WHAT YOU HAVE TO DO:
The records below hold a stretch from the line with "doc.units = ezdxf.units.IN" through the line with "blk.add_lwpolyline(points, dxfattribs=at)"; return exactly those lines, ends included, and nothing more.

BEGIN

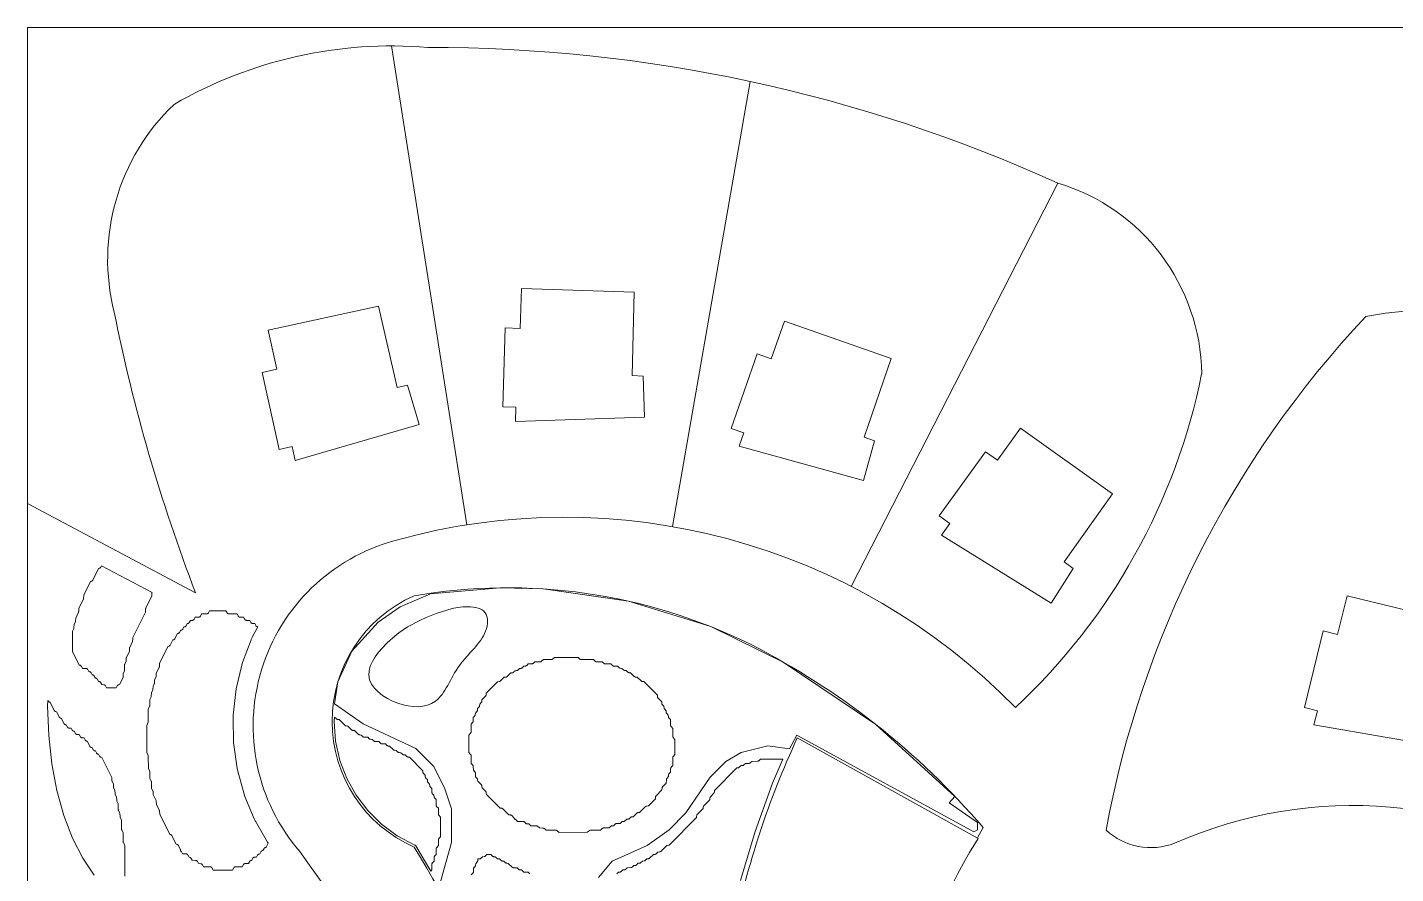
# Model space of a CAD drawing. Header units: inches. Extents: x 36 to 190, y -75 to 56.
# Drawn here: x 91.25 to 107.82, y -0.35 to 9.9 of the extents above; entities that cross this region are included whole.
import ezdxf

# ---------------------------------------------------------------- set-up
doc = ezdxf.new("R2010")
doc.units = ezdxf.units.IN
for name, color, linetype, lineweight in [('01_ORIGINAL_CAD', 7, 'CONTINUOUS', 20), ('02_APPROVED_PDF_OUTLINES', 7, 'CONTINUOUS', 15), ('03_ADDED_AREAS_SAME_COMPOSITION', 7, 'CONTINUOUS', 15), ('04_APPROVED_PERIMETER', 7, 'CONTINUOUS', 15)]:
    doc.layers.add(name, color=color, linetype=linetype, lineweight=lineweight)

# ---------------------------------------------------------------- blocks, each defined once
blk = doc.blocks.new('05_SAND_DOLLAR')
at = {"layer": '01_ORIGINAL_CAD'}
for p, q in [((36.248, 17.906), (36.248, 55.9)), ((36.248, 55.9), (71.442, 55.9))]:
    blk.add_line(p, q, dxfattribs=at)
for points in [[(40.658, 55.675), (41.569, 49.871)], [(45, 55.245), (44.06, 49.85)], [(48.726, 54.013), (46.225, 49.126)], [(38.284, 49.049), (36.248, 50.129)]]:
    blk.add_lwpolyline(points, dxfattribs=at)
for points in [[(43.572, 51.68), (43.598, 52.69), (42.23, 52.734), (42.214, 52.252), (42.035, 52.258), (42.004, 51.303), (42.163, 51.298), (42.158, 51.123), (43.721, 51.177), (43.704, 51.675)], [(40.725, 51.537), (40.502, 52.523), (39.164, 52.23), (39.268, 51.758), (39.093, 51.72), (39.298, 50.787), (39.453, 50.821), (39.491, 50.65), (40.993, 51.087), (40.853, 51.565)], [(46.381, 50.933), (46.709, 51.889), (45.415, 52.34), (45.257, 51.885), (45.088, 51.944), (44.773, 51.041), (44.923, 50.989), (44.866, 50.824), (46.374, 50.409), (46.506, 50.889)], [(48.804, 49.422), (49.389, 50.246), (48.277, 51.045), (47.995, 50.654), (47.85, 50.758), (47.292, 49.982), (47.421, 49.889), (47.319, 49.747), (48.648, 48.921), (48.911, 49.345)], [(53.327, 47.704), (53.561, 48.687), (52.231, 49.012), (52.116, 48.544), (51.942, 48.586), (51.715, 47.658), (51.87, 47.62), (51.829, 47.45), (53.37, 47.181), (53.455, 47.672)]]:
    blk.add_lwpolyline(points, close=True, dxfattribs=at)
for points in [[(44.283, 37.084, 0.090917), (40.931, 45.968, -0.652582), (40.931, 49.011, -0.158741), (45.004, 48.425, -0.098355), (47.824, 46.203), (47.755, 46.078)], [(47.087, 44.63, -0.062406), (47.763, 46.073), (45.572, 47.29, 0.058367), (44.801, 44.944, 0.058367)], [(50.14, 46.014, -0.546754), (57.65, 41.045, 0.171391), (58.184, 40.351, 0.171391)]]:
    blk.add_lwpolyline(points, format="xyb", dxfattribs=at)
for centre, radius, start, end in [((40.658, 50.423), 5.252, 85.2142, 120.0956), ((41.139, 37.317), 18.339, 65.5622, 90.1344), ((39.813, 53.089), 2.593, 133.6015, 194.2753), ((48.026, 51.672), 2.444, 0.7167, 73.3418), ((57.911, 56.571), 21.019, 191.3089, 200.9684), ((61.436, 43.951), 12.326, 136.7478, 169.6154), ((53.373, 47.535), 4.948, 78.6004, 100.6499), ((43.034, 53.196), 7.583, 313.0815, 348.6437), ((42.751, 42.34), 7.624, 44.2289, 105.6047), ((41.312, 47.434), 2.33, 105.2161, 220.7715), ((49.852, 46.755), 0.794, 227.0981, 291.2465), ((22.064, 33.195), 21.619, 354.0583, 36.0319)]:
    blk.add_arc(centre, radius, start, end, dxfattribs=at)
at = {"layer": '02_APPROVED_PDF_OUTLINES'}
for points in [[(42.631, 48.266), (42.918, 48.266), (42.94, 48.246), (42.943, 48.244), (42.945, 48.243), (42.948, 48.241), (42.951, 48.241), (42.954, 48.24), (42.957, 48.24), (43.103, 48.24), (43.126, 48.219), (43.129, 48.218), (43.131, 48.216), (43.134, 48.215), (43.137, 48.214), (43.14, 48.213), (43.143, 48.213), (43.21, 48.213), (43.232, 48.193), (43.235, 48.191), (43.237, 48.189), (43.24, 48.188), (43.243, 48.187), (43.246, 48.187), (43.249, 48.186), (43.315, 48.186), (43.335, 48.167), (43.338, 48.165), (43.34, 48.164), (43.343, 48.162), (43.346, 48.161), (43.349, 48.161), (43.352, 48.16), (43.394, 48.16), (43.412, 48.142), (43.414, 48.14), (43.417, 48.138), (43.421, 48.137), (43.424, 48.136), (43.427, 48.135), (43.447, 48.133), (43.468, 48.114), (43.471, 48.111), (43.474, 48.11), (43.477, 48.108), (43.481, 48.107), (43.484, 48.107), (43.501, 48.106), (43.521, 48.087), (43.524, 48.085), (43.527, 48.083), (43.53, 48.081), (43.534, 48.08), (43.537, 48.08), (43.554, 48.079), (43.598, 48.035), (43.6, 48.033), (43.603, 48.031), (43.607, 48.03), (43.61, 48.028), (43.613, 48.028), (43.633, 48.026), (43.68, 47.98), (43.683, 47.978), (43.685, 47.976), (43.688, 47.975), (43.691, 47.974), (43.694, 47.973), (43.697, 47.973), (43.713, 47.972), (43.877, 47.807), (43.879, 47.787), (43.879, 47.783), (43.88, 47.78), (43.882, 47.777), (43.884, 47.774), (43.886, 47.771), (43.93, 47.727), (43.931, 47.71), (43.931, 47.706), (43.932, 47.703), (43.933, 47.7), (43.935, 47.697), (43.937, 47.694), (43.957, 47.673), (43.959, 47.652), (43.959, 47.649), (43.96, 47.646), (43.962, 47.643), (43.964, 47.64), (43.966, 47.637), (43.983, 47.619), (43.984, 47.602), (43.984, 47.599), (43.985, 47.596), (43.987, 47.592), (43.989, 47.589), (43.991, 47.587), (44.01, 47.566), (44.012, 47.545), (44.013, 47.542), (44.014, 47.538), (44.015, 47.535), (44.017, 47.533), (44.019, 47.53), (44.036, 47.512), (44.037, 47.445), (44.037, 47.442), (44.038, 47.438), (44.039, 47.435), (44.041, 47.432), (44.043, 47.429), (44.063, 47.406), (44.063, 47.311), (44.064, 47.308), (44.064, 47.304), (44.066, 47.301), (44.067, 47.298), (44.07, 47.295), (44.09, 47.272), (44.09, 47.089), (44.071, 47.068), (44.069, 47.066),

END

EXPECTED ANSWER:
doc.units = ezdxf.units.IN
for name, color, linetype, lineweight in [('01_ORIGINAL_CAD', 7, 'CONTINUOUS', 20), ('02_APPROVED_PDF_OUTLINES', 7, 'CONTINUOUS', 15), ('03_ADDED_AREAS_SAME_COMPOSITION', 7, 'CONTINUOUS', 15), ('04_APPROVED_PERIMETER', 7, 'CONTINUOUS', 15)]:
    doc.layers.add(name, color=color, linetype=linetype, lineweight=lineweight)

# ---------------------------------------------------------------- blocks, each defined once
blk = doc.blocks.new('05_SAND_DOLLAR')
at = {"layer": '01_ORIGINAL_CAD'}
for p, q in [((36.248, 17.906), (36.248, 55.9)), ((36.248, 55.9), (71.442, 55.9))]:
    blk.add_line(p, q, dxfattribs=at)
for points in [[(40.658, 55.675), (41.569, 49.871)], [(45, 55.245), (44.06, 49.85)], [(48.726, 54.013), (46.225, 49.126)], [(38.284, 49.049), (36.248, 50.129)]]:
    blk.add_lwpolyline(points, dxfattribs=at)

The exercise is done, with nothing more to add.